Posted on 04/08/2018, by Dr. Ellen Fithian (0 comments)


This past week marked the end of a long road for high school seniors and their parents - the release of the final batch of college admission decisions. Some fortunate families received the good news that their son had been accepted to his dream school, but others learned that their daughter had been rejected by her first choice college – and possibly by her second and third as well. 

If this happened to your child, what can you say or do to help?
 

First, Deal With Your Own Emotions

Before you can help your child, you need to work through your own angst. As the airlines tell us, secure your own oxygen mask before assisting others.
 
When students are rejected, parents typically experience a range of painful feelings. They may rage about the unfairness of the admissions process or blame someone at the student's high school; a counselor who didn't know the student well enough to write a detailed letter of recommendation or the soccer coach who failed to make him team captain. Most of all, they grieve the loss of an imagined future.

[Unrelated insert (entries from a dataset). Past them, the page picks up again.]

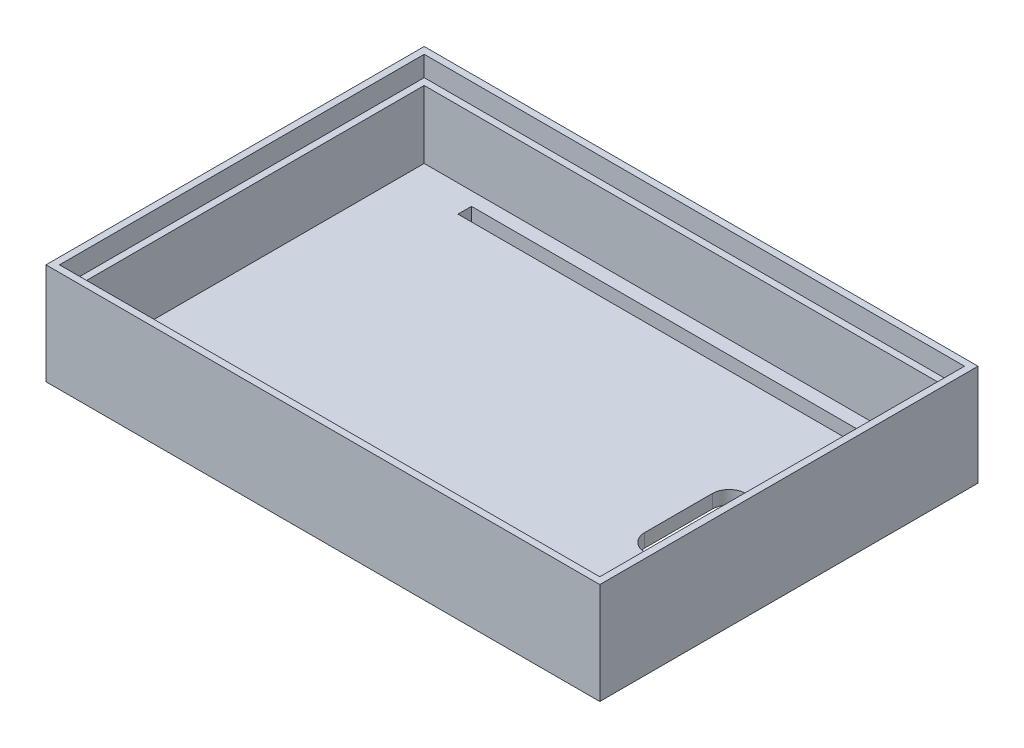
ISO-10303-21;
HEADER;
FILE_DESCRIPTION(('STEP AP214'),'2;1');
FILE_NAME('part.step','',(''),(''),'','','');
FILE_SCHEMA(('AUTOMOTIVE_DESIGN { 1 0 10303 214 1 1 1 1 }'));
ENDSEC;
DATA;
#1=APPLICATION_CONTEXT('core data for automotive mechanical design processes');
#2=APPLICATION_PROTOCOL_DEFINITION('international standard','automotive_design',2000,#1);
#3=PRODUCT_CONTEXT('',#1,'mechanical');
#4=PRODUCT('Part','Part','',(#3));
#5=PRODUCT_RELATED_PRODUCT_CATEGORY('part','',(#4));
#6=PRODUCT_DEFINITION_FORMATION('','',#4);
#7=PRODUCT_DEFINITION_CONTEXT('part definition',#1,'design');
#8=PRODUCT_DEFINITION('design','',#6,#7);
#9=PRODUCT_DEFINITION_SHAPE('','',#8);
#10=(LENGTH_UNIT() NAMED_UNIT(*) SI_UNIT(.MILLI.,.METRE.));
#11=(NAMED_UNIT(*) PLANE_ANGLE_UNIT() SI_UNIT($,.RADIAN.));
#12=(NAMED_UNIT(*) SI_UNIT($,.STERADIAN.) SOLID_ANGLE_UNIT());
#13=UNCERTAINTY_MEASURE_WITH_UNIT(LENGTH_MEASURE(1.E-05),#10,'distance_accuracy_value','');
#14=(GEOMETRIC_REPRESENTATION_CONTEXT(3) GLOBAL_UNCERTAINTY_ASSIGNED_CONTEXT((#13)) GLOBAL_UNIT_ASSIGNED_CONTEXT((#10,
#11,#12)) REPRESENTATION_CONTEXT('',''));
#15=CARTESIAN_POINT('',(0.,0.,0.));
#16=DIRECTION('',(0.,0.,1.));
#17=DIRECTION('',(1.,0.,0.));
#18=AXIS2_PLACEMENT_3D('',#15,#16,#17);
#19=CARTESIAN_POINT('',(0.,15.,0.));
#20=DIRECTION('',(1.,0.,0.));
#21=DIRECTION('',(0.,0.,-1.));
#22=AXIS2_PLACEMENT_3D('',#19,#20,#21);
#23=PLANE('',#22);
#24=DIRECTION('',(0.,0.,1.));
#25=VECTOR('',#24,1.);
#26=CARTESIAN_POINT('',(0.,0.,0.));
#27=LINE('',#26,#25);
#28=CARTESIAN_POINT('',(0.,0.,-56.));
#29=VERTEX_POINT('',#28);
#30=CARTESIAN_POINT('',(0.,0.,0.));
#31=VERTEX_POINT('',#30);
#32=EDGE_CURVE('E543',#29,#31,#27,.T.);
#33=ORIENTED_EDGE('',*,*,#32,.T.);
#34=DIRECTION('',(0.,-1.,0.));
#35=VECTOR('',#34,1.);
#36=CARTESIAN_POINT('',(0.,15.,0.));
#37=LINE('',#36,#35);
#38=CARTESIAN_POINT('',(0.,15.,0.));
#39=VERTEX_POINT('',#38);
#40=EDGE_CURVE('E590',#39,#31,#37,.T.);
#41=ORIENTED_EDGE('',*,*,#40,.F.);
#42=DIRECTION('',(0.,0.,1.));
#43=VECTOR('',#42,1.);
#44=CARTESIAN_POINT('',(0.,15.,0.));
#45=LINE('',#44,#43);
#46=CARTESIAN_POINT('',(0.,15.,-56.));
#47=VERTEX_POINT('',#46);
#48=EDGE_CURVE('E553',#47,#39,#45,.T.);
#49=ORIENTED_EDGE('',*,*,#48,.F.);
#50=DIRECTION('',(0.,-1.,0.));
#51=VECTOR('',#50,1.);
#52=CARTESIAN_POINT('',(0.,15.,-56.));
#53=LINE('',#52,#51);
#54=EDGE_CURVE('E567',#47,#29,#53,.T.);
#55=ORIENTED_EDGE('',*,*,#54,.T.);
#56=EDGE_LOOP('',(#33,#41,#49,#55));
#57=FACE_BOUND('',#56,.T.);
#58=ADVANCED_FACE('F160',(#57),#23,.F.);
#59=CARTESIAN_POINT('',(0.,15.,0.));
#60=DIRECTION('',(0.,0.,-1.));
#61=DIRECTION('',(-1.,0.,0.));
#62=AXIS2_PLACEMENT_3D('',#59,#60,#61);
#63=PLANE('',#62);
#64=DIRECTION('',(1.,0.,0.));
#65=VECTOR('',#64,1.);
#66=CARTESIAN_POINT('',(0.,0.,0.));
#67=LINE('',#66,#65);
#68=CARTESIAN_POINT('',(82.,0.,0.));
#69=VERTEX_POINT('',#68);
#70=EDGE_CURVE('E571',#31,#69,#67,.T.);
#71=ORIENTED_EDGE('',*,*,#70,.T.);
#72=DIRECTION('',(0.,-1.,0.));
#73=VECTOR('',#72,1.);
#74=CARTESIAN_POINT('',(82.,15.,0.));
#75=LINE('',#74,#73);
#76=CARTESIAN_POINT('',(82.,15.,0.));
#77=VERTEX_POINT('',#76);
#78=EDGE_CURVE('E586',#77,#69,#75,.T.);
#79=ORIENTED_EDGE('',*,*,#78,.F.);
#80=DIRECTION('',(1.,0.,0.));
#81=VECTOR('',#80,1.);
#82=CARTESIAN_POINT('',(0.,15.,0.));
#83=LINE('',#82,#81);
#84=EDGE_CURVE('E557',#39,#77,#83,.T.);
#85=ORIENTED_EDGE('',*,*,#84,.F.);
#86=ORIENTED_EDGE('',*,*,#40,.T.);
#87=EDGE_LOOP('',(#71,#79,#85,#86));
#88=FACE_BOUND('',#87,.T.);
#89=ADVANCED_FACE('F661',(#88),#63,.F.);
#90=CARTESIAN_POINT('',(82.,15.,0.));
#91=DIRECTION('',(-1.,0.,0.));
#92=DIRECTION('',(0.,0.,1.));
#93=AXIS2_PLACEMENT_3D('',#90,#91,#92);
#94=PLANE('',#93);
#95=DIRECTION('',(0.,0.,-1.));
#96=VECTOR('',#95,1.);
#97=CARTESIAN_POINT('',(82.,0.,0.));
#98=LINE('',#97,#96);
#99=CARTESIAN_POINT('',(82.,0.,-56.));
#100=VERTEX_POINT('',#99);
#101=EDGE_CURVE('E574',#69,#100,#98,.T.);
#102=ORIENTED_EDGE('',*,*,#101,.T.);
#103=DIRECTION('',(0.,-1.,0.));
#104=VECTOR('',#103,1.);
#105=CARTESIAN_POINT('',(82.,15.,-56.));
#106=LINE('',#105,#104);
#107=CARTESIAN_POINT('',(82.,15.,-56.));
#108=VERTEX_POINT('',#107);
#109=EDGE_CURVE('E582',#108,#100,#106,.T.);
#110=ORIENTED_EDGE('',*,*,#109,.F.);
#111=DIRECTION('',(0.,0.,-1.));
#112=VECTOR('',#111,1.);
#113=CARTESIAN_POINT('',(82.,15.,0.));
#114=LINE('',#113,#112);
#115=EDGE_CURVE('E561',#77,#108,#114,.T.);
#116=ORIENTED_EDGE('',*,*,#115,.F.);
#117=ORIENTED_EDGE('',*,*,#78,.T.);
#118=EDGE_LOOP('',(#102,#110,#116,#117));
#119=FACE_BOUND('',#118,.T.);
#120=ADVANCED_FACE('F666',(#119),#94,.F.);
#121=CARTESIAN_POINT('',(0.,15.,-56.));
#122=DIRECTION('',(0.,0.,1.));
#123=DIRECTION('',(1.,0.,0.));
#124=AXIS2_PLACEMENT_3D('',#121,#122,#123);
#125=PLANE('',#124);
#126=DIRECTION('',(-1.,0.,0.));
#127=VECTOR('',#126,1.);
#128=CARTESIAN_POINT('',(0.,0.,-56.));
#129=LINE('',#128,#127);
#130=EDGE_CURVE('E558',#100,#29,#129,.T.);
#131=ORIENTED_EDGE('',*,*,#130,.T.);
#132=ORIENTED_EDGE('',*,*,#54,.F.);
#133=DIRECTION('',(-1.,0.,0.));
#134=VECTOR('',#133,1.);
#135=CARTESIAN_POINT('',(0.,15.,-56.));
#136=LINE('',#135,#134);
#137=EDGE_CURVE('E564',#108,#47,#136,.T.);
#138=ORIENTED_EDGE('',*,*,#137,.F.);
#139=ORIENTED_EDGE('',*,*,#109,.T.);
#140=EDGE_LOOP('',(#131,#132,#138,#139));
#141=FACE_BOUND('',#140,.T.);
#142=ADVANCED_FACE('F682',(#141),#125,.F.);
#143=CARTESIAN_POINT('',(0.,15.,0.));
#144=DIRECTION('',(0.,-1.,0.));
#145=DIRECTION('',(0.,0.,-1.));
#146=AXIS2_PLACEMENT_3D('',#143,#144,#145);
#147=PLANE('',#146);
#148=DIRECTION('',(1.,0.,0.));
#149=VECTOR('',#148,1.);
#150=CARTESIAN_POINT('',(1.00000000000001,15.,-1.));
#151=LINE('',#150,#149);
#152=CARTESIAN_POINT('',(1.00000000000001,15.,-1.));
#153=VERTEX_POINT('',#152);
#154=CARTESIAN_POINT('',(81.,15.,-1.));
#155=VERTEX_POINT('',#154);
#156=EDGE_CURVE('E529',#153,#155,#151,.T.);
#157=ORIENTED_EDGE('',*,*,#156,.F.);
#158=DIRECTION('',(0.,0.,1.));
#159=VECTOR('',#158,1.);
#160=CARTESIAN_POINT('',(1.,15.,-55.));
#161=LINE('',#160,#159);
#162=CARTESIAN_POINT('',(1.,15.,-55.));
#163=VERTEX_POINT('',#162);
#164=EDGE_CURVE('E460',#163,#153,#161,.T.);
#165=ORIENTED_EDGE('',*,*,#164,.F.);
#166=DIRECTION('',(-1.,0.,0.));
#167=VECTOR('',#166,1.);
#168=CARTESIAN_POINT('',(1.,15.,-55.));
#169=LINE('',#168,#167);
#170=CARTESIAN_POINT('',(81.,15.,-55.));
#171=VERTEX_POINT('',#170);
#172=EDGE_CURVE('E514',#171,#163,#169,.T.);
#173=ORIENTED_EDGE('',*,*,#172,.F.);
#174=DIRECTION('',(0.,0.,-1.));
#175=VECTOR('',#174,1.);
#176=CARTESIAN_POINT('',(81.,15.,-55.));
#177=LINE('',#176,#175);
#178=EDGE_CURVE('E533',#155,#171,#177,.T.);
#179=ORIENTED_EDGE('',*,*,#178,.F.);
#180=EDGE_LOOP('',(#157,#165,#173,#179));
#181=FACE_BOUND('',#180,.T.);
#182=ORIENTED_EDGE('',*,*,#48,.T.);
#183=ORIENTED_EDGE('',*,*,#84,.T.);
#184=ORIENTED_EDGE('',*,*,#115,.T.);
#185=ORIENTED_EDGE('',*,*,#137,.T.);
#186=EDGE_LOOP('',(#182,#183,#184,#185));
#187=FACE_BOUND('',#186,.T.);
#188=ADVANCED_FACE('F678',(#181,#187),#147,.F.);
#189=CARTESIAN_POINT('',(0.,0.,0.));
#190=DIRECTION('',(0.,-1.,0.));
#191=DIRECTION('',(0.,0.,-1.));
#192=AXIS2_PLACEMENT_3D('',#189,#190,#191);
#193=PLANE('',#192);
#194=DIRECTION('',(0.,0.,-1.));
#195=VECTOR('',#194,1.);
#196=CARTESIAN_POINT('',(11.,0.,-4.));
#197=LINE('',#196,#195);
#198=CARTESIAN_POINT('',(11.,0.,-4.));
#199=VERTEX_POINT('',#198);
#200=CARTESIAN_POINT('',(11.,0.,-5.99999999999999));
#201=VERTEX_POINT('',#200);
#202=EDGE_CURVE('E175',#199,#201,#197,.T.);
#203=ORIENTED_EDGE('',*,*,#202,.F.);
#204=DIRECTION('',(-1.,0.,0.));
#205=VECTOR('',#204,1.);
#206=CARTESIAN_POINT('',(11.,0.,-4.));
#207=LINE('',#206,#205);
#208=CARTESIAN_POINT('',(71.,0.,-3.99999999999999));
#209=VERTEX_POINT('',#208);
#210=EDGE_CURVE('E359',#209,#199,#207,.T.);
#211=ORIENTED_EDGE('',*,*,#210,.F.);
#212=DIRECTION('',(0.,0.,1.));
#213=VECTOR('',#212,1.);
#214=CARTESIAN_POINT('',(71.,0.,-3.99999999999999));
#215=LINE('',#214,#213);
#216=CARTESIAN_POINT('',(71.,0.,-5.99999999999999));
#217=VERTEX_POINT('',#216);
#218=EDGE_CURVE('E340',#217,#209,#215,.T.);
#219=ORIENTED_EDGE('',*,*,#218,.F.);
#220=DIRECTION('',(1.,0.,0.));
#221=VECTOR('',#220,1.);
#222=CARTESIAN_POINT('',(11.,0.,-5.99999999999999));
#223=LINE('',#222,#221);
#224=EDGE_CURVE('E351',#201,#217,#223,.T.);
#225=ORIENTED_EDGE('',*,*,#224,.F.);
#226=EDGE_LOOP('',(#203,#211,#219,#225));
#227=FACE_BOUND('',#226,.T.);
#228=DIRECTION('',(0.,0.,-1.));
#229=VECTOR('',#228,1.);
#230=CARTESIAN_POINT('',(11.,0.,-52.));
#231=LINE('',#230,#229);
#232=CARTESIAN_POINT('',(11.,0.,-50.));
#233=VERTEX_POINT('',#232);
#234=CARTESIAN_POINT('',(11.,0.,-52.));
#235=VERTEX_POINT('',#234);
#236=EDGE_CURVE('E183',#233,#235,#231,.T.);
#237=ORIENTED_EDGE('',*,*,#236,.F.);
#238=DIRECTION('',(-1.,0.,0.));
#239=VECTOR('',#238,1.);
#240=CARTESIAN_POINT('',(11.,0.,-50.));
#241=LINE('',#240,#239);
#242=CARTESIAN_POINT('',(71.,0.,-50.));
#243=VERTEX_POINT('',#242);
#244=EDGE_CURVE('E377',#243,#233,#241,.T.);
#245=ORIENTED_EDGE('',*,*,#244,.F.);
#246=DIRECTION('',(0.,0.,1.));
#247=VECTOR('',#246,1.);
#248=CARTESIAN_POINT('',(71.,0.,-52.));
#249=LINE('',#248,#247);
#250=CARTESIAN_POINT('',(71.,0.,-52.));
#251=VERTEX_POINT('',#250);
#252=EDGE_CURVE('E391',#251,#243,#249,.T.);
#253=ORIENTED_EDGE('',*,*,#252,.F.);
#254=DIRECTION('',(1.,0.,0.));
#255=VECTOR('',#254,1.);
#256=CARTESIAN_POINT('',(11.,0.,-52.));
#257=LINE('',#256,#255);
#258=EDGE_CURVE('E395',#235,#251,#257,.T.);
#259=ORIENTED_EDGE('',*,*,#258,.F.);
#260=EDGE_LOOP('',(#237,#245,#253,#259));
#261=FACE_BOUND('',#260,.T.);
#262=CARTESIAN_POINT('',(68.1538059373532,0.,-23.));
#263=DIRECTION('',(0.,-1.,0.));
#264=DIRECTION('',(0.,0.,-1.));
#265=AXIS2_PLACEMENT_3D('',#262,#263,#264);
#266=CIRCLE('',#265,2.5);
#267=CARTESIAN_POINT('',(70.6538059373532,0.,-23.));
#268=VERTEX_POINT('',#267);
#269=CARTESIAN_POINT('',(65.6538059373532,0.,-23.));
#270=VERTEX_POINT('',#269);
#271=EDGE_CURVE('E387',#268,#270,#266,.T.);
#272=ORIENTED_EDGE('',*,*,#271,.F.);
#273=DIRECTION('',(0.,0.,1.));
#274=VECTOR('',#273,1.);
#275=CARTESIAN_POINT('',(70.6538059373532,0.,-23.));
#276=LINE('',#275,#274);
#277=CARTESIAN_POINT('',(70.6538059373532,0.,-25.5));
#278=VERTEX_POINT('',#277);
#279=EDGE_CURVE('E405',#278,#268,#276,.T.);
#280=ORIENTED_EDGE('',*,*,#279,.F.);
#281=CARTESIAN_POINT('',(70.6538059373532,0.,-28.));
#282=DIRECTION('',(0.,-1.,0.));
#283=DIRECTION('',(0.,0.,1.));
#284=AXIS2_PLACEMENT_3D('',#281,#282,#283);
#285=CIRCLE('',#284,2.5);
#286=CARTESIAN_POINT('',(70.6538059373532,0.,-30.5));
#287=VERTEX_POINT('',#286);
#288=EDGE_CURVE('E424',#287,#278,#285,.T.);
#289=ORIENTED_EDGE('',*,*,#288,.F.);
#290=DIRECTION('',(0.,0.,1.));
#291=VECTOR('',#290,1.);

These emotions are most acute for the parents of applicants to hypercompetitive schools. Your daughter's credentials may clearly have been on par with - or superior to - those of the typical enrolled student at the school, yet she was denied.

You know better than anyone how much time, effort, and hard work she invested to amass those outstanding grades, SAT scores, extracurricular accomplishments, and recommendations. You witnessed her trudging home after a full day of classes and sports practices, only to grab a quick dinner and study late into the night. You saw her social life get stunted and her leisure time disappear in service of making herself a stellar applicant. After all that, didn't she deserve to be accepted?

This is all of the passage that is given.